(Task directions):
Taking the line with "msp = doc.modelspace()" as the first and the last line of the entries as the final one, copy that span exactly.

[[ Provided data, beginning ]]

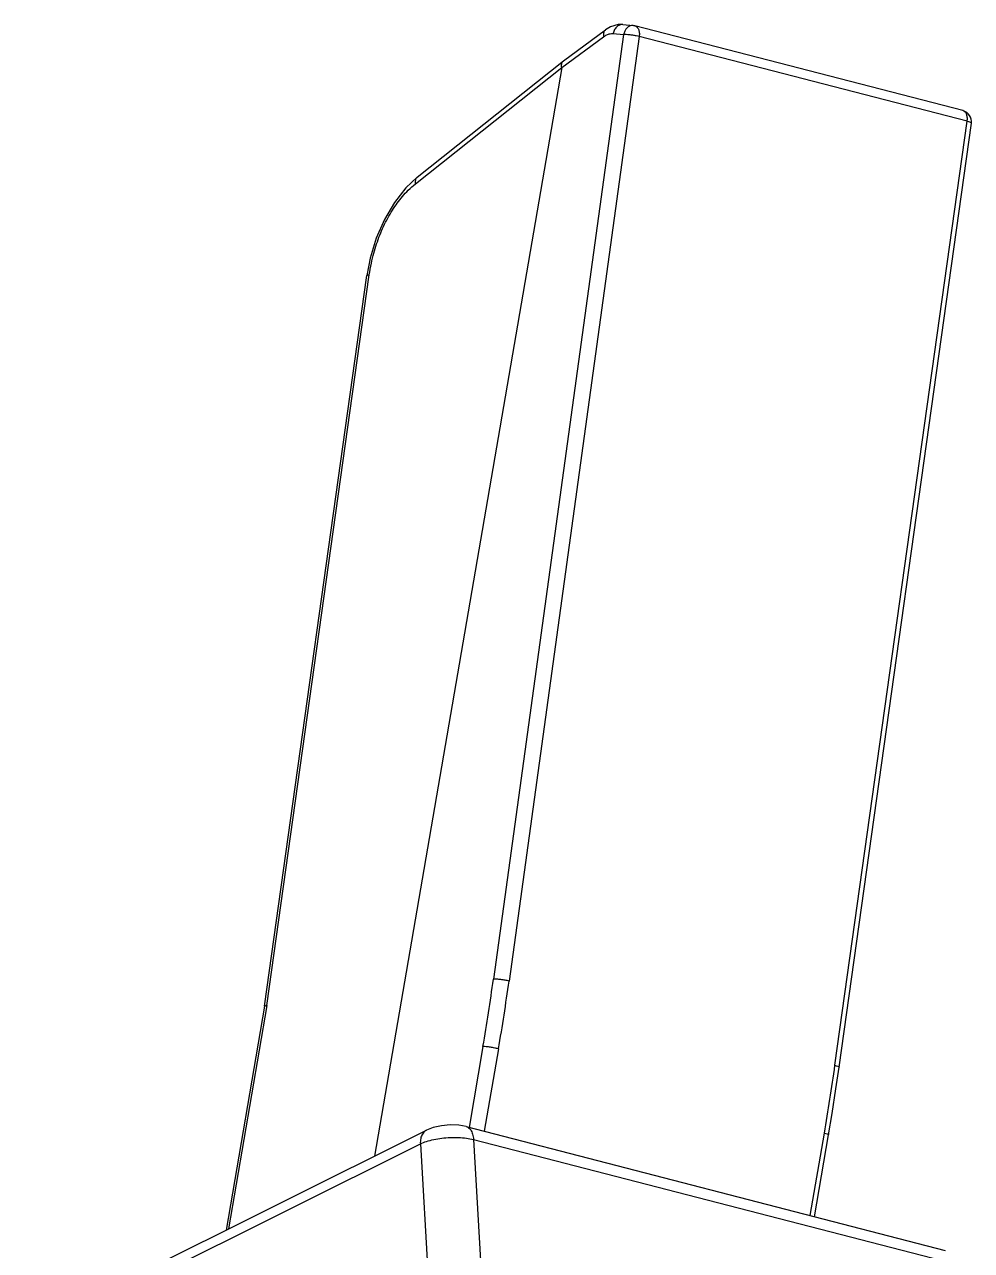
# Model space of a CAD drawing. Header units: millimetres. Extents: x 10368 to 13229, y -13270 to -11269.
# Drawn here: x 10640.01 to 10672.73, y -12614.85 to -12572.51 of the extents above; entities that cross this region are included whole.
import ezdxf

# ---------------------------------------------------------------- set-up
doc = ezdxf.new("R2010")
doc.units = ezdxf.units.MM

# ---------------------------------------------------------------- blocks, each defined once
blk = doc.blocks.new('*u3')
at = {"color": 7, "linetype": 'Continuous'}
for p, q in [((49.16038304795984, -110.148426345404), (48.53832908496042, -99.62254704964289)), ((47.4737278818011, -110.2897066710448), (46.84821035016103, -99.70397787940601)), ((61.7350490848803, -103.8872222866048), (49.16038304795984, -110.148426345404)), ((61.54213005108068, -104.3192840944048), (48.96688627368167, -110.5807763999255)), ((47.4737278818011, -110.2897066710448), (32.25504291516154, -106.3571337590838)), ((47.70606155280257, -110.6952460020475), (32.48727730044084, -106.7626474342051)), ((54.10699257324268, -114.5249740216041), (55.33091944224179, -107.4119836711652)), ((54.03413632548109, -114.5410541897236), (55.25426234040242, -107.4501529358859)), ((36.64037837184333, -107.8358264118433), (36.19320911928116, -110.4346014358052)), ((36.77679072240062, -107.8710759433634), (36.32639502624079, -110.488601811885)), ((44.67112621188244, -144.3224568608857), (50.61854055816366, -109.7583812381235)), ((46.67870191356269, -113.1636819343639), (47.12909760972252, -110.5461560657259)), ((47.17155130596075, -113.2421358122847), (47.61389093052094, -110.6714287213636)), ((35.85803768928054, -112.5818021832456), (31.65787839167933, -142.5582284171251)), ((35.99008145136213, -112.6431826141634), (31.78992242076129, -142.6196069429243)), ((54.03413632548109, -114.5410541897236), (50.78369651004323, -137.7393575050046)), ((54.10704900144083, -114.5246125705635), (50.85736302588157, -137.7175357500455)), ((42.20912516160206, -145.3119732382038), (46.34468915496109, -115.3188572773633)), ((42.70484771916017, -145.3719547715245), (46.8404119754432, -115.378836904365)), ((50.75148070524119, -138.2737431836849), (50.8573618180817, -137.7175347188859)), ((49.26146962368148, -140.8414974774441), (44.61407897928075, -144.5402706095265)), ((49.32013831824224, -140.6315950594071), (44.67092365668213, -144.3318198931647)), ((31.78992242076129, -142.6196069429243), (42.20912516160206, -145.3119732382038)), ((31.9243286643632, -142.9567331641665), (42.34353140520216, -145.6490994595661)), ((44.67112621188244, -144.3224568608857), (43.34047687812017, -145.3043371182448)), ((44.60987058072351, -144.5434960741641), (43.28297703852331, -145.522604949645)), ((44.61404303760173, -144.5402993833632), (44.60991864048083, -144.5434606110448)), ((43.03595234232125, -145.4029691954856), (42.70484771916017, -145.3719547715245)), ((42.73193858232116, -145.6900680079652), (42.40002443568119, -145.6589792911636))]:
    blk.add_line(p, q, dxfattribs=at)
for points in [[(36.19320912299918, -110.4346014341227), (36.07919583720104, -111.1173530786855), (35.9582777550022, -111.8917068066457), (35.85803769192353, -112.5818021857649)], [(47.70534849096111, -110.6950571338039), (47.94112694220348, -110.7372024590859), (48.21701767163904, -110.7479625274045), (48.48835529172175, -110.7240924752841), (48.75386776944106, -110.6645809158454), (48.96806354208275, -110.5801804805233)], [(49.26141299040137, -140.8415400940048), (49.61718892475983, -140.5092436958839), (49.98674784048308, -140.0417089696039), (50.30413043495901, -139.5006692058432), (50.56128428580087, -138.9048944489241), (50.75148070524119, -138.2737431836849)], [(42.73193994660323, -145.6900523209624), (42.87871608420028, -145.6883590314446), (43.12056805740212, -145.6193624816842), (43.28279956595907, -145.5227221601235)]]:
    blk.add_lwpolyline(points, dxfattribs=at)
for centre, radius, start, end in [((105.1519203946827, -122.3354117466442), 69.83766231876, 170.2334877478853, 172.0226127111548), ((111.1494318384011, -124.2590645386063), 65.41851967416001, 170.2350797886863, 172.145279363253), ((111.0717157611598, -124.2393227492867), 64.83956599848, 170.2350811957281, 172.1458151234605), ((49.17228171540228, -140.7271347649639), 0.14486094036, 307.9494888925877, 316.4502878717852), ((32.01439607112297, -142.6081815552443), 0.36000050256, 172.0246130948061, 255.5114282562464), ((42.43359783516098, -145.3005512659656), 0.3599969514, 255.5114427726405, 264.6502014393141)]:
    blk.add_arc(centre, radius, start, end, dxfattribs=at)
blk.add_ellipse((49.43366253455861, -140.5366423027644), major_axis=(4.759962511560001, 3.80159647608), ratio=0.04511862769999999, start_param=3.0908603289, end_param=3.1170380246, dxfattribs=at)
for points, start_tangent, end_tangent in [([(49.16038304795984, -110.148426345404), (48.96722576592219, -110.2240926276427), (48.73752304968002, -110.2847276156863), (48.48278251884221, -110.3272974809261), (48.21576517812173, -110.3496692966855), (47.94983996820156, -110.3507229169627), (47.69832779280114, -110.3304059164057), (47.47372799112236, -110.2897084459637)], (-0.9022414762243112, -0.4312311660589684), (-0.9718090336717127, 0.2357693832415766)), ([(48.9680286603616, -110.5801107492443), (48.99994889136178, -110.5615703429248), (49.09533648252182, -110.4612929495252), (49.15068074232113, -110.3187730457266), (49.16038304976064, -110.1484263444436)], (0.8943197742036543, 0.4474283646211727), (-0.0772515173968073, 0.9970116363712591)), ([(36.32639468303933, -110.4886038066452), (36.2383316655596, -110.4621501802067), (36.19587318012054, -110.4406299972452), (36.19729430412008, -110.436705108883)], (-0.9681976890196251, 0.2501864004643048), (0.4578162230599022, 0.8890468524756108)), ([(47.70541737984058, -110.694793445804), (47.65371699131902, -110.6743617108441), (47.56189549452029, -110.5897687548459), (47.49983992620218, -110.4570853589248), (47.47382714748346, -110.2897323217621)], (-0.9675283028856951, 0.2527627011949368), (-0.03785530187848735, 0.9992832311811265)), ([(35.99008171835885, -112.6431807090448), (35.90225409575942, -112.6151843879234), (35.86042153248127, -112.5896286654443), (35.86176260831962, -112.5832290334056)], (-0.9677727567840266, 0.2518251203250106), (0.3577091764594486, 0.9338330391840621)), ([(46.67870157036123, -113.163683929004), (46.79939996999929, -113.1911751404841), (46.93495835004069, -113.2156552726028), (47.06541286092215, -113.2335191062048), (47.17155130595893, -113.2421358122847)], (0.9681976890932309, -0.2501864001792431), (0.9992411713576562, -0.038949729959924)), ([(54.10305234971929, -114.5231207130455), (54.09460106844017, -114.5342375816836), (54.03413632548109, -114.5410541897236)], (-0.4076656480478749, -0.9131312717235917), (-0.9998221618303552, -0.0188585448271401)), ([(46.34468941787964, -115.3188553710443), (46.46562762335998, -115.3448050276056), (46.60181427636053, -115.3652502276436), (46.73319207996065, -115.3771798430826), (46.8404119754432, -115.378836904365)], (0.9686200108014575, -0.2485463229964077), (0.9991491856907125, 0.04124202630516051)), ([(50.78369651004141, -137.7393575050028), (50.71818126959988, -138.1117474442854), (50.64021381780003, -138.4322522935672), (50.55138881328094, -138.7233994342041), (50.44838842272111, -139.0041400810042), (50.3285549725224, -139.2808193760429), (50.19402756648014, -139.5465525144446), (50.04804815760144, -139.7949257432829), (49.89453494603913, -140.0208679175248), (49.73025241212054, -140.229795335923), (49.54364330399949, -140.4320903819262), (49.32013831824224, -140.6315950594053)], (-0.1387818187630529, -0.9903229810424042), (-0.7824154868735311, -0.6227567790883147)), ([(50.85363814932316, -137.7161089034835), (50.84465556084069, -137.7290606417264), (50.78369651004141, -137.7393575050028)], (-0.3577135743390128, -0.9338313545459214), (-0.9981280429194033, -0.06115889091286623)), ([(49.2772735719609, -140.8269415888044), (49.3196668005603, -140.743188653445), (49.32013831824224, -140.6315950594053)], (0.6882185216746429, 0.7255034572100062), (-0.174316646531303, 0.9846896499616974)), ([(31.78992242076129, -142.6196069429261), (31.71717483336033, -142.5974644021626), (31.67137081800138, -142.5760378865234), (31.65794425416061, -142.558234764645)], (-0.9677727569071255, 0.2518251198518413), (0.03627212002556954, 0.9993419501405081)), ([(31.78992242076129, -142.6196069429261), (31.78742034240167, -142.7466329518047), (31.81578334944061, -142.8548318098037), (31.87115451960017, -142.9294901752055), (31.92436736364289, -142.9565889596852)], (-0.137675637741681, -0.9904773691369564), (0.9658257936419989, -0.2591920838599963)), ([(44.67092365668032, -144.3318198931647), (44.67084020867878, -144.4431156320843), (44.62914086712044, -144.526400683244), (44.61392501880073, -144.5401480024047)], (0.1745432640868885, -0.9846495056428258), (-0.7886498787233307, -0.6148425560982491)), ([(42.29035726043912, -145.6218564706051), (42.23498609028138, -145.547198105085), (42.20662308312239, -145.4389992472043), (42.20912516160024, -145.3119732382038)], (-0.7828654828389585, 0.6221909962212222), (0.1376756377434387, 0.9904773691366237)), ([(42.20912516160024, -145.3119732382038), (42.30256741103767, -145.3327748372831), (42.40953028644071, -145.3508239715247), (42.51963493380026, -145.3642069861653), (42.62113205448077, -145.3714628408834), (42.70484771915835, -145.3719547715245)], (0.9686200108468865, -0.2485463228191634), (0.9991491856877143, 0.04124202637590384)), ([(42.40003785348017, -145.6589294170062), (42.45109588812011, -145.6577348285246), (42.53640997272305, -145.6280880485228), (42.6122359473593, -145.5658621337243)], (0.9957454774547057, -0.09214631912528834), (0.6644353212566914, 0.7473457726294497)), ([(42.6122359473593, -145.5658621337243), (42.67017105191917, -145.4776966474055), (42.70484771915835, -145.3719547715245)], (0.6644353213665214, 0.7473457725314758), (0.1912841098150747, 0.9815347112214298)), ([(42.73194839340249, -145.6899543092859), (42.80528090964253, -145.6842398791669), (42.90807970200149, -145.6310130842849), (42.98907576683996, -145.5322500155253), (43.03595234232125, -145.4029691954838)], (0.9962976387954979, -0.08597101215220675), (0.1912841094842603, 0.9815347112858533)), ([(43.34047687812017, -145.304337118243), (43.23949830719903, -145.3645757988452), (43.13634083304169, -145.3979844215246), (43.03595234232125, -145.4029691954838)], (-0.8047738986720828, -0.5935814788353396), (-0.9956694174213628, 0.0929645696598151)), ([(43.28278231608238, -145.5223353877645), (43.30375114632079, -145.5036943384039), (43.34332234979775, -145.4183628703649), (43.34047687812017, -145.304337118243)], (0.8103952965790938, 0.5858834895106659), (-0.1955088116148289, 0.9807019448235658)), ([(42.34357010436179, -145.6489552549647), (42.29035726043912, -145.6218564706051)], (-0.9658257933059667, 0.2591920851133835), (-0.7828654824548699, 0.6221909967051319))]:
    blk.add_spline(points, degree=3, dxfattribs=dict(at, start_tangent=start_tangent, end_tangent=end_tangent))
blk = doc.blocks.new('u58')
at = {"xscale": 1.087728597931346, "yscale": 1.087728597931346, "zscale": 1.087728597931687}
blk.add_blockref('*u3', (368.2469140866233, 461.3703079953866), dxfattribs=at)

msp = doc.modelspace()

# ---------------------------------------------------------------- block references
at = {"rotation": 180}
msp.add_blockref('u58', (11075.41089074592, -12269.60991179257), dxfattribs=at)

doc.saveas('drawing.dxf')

[[ Provided data, end ]]

(Written answer):
msp = doc.modelspace()

# ---------------------------------------------------------------- block references
at = {"rotation": 180}
msp.add_blockref('u58', (11075.41089074592, -12269.60991179257), dxfattribs=at)

doc.saveas('drawing.dxf')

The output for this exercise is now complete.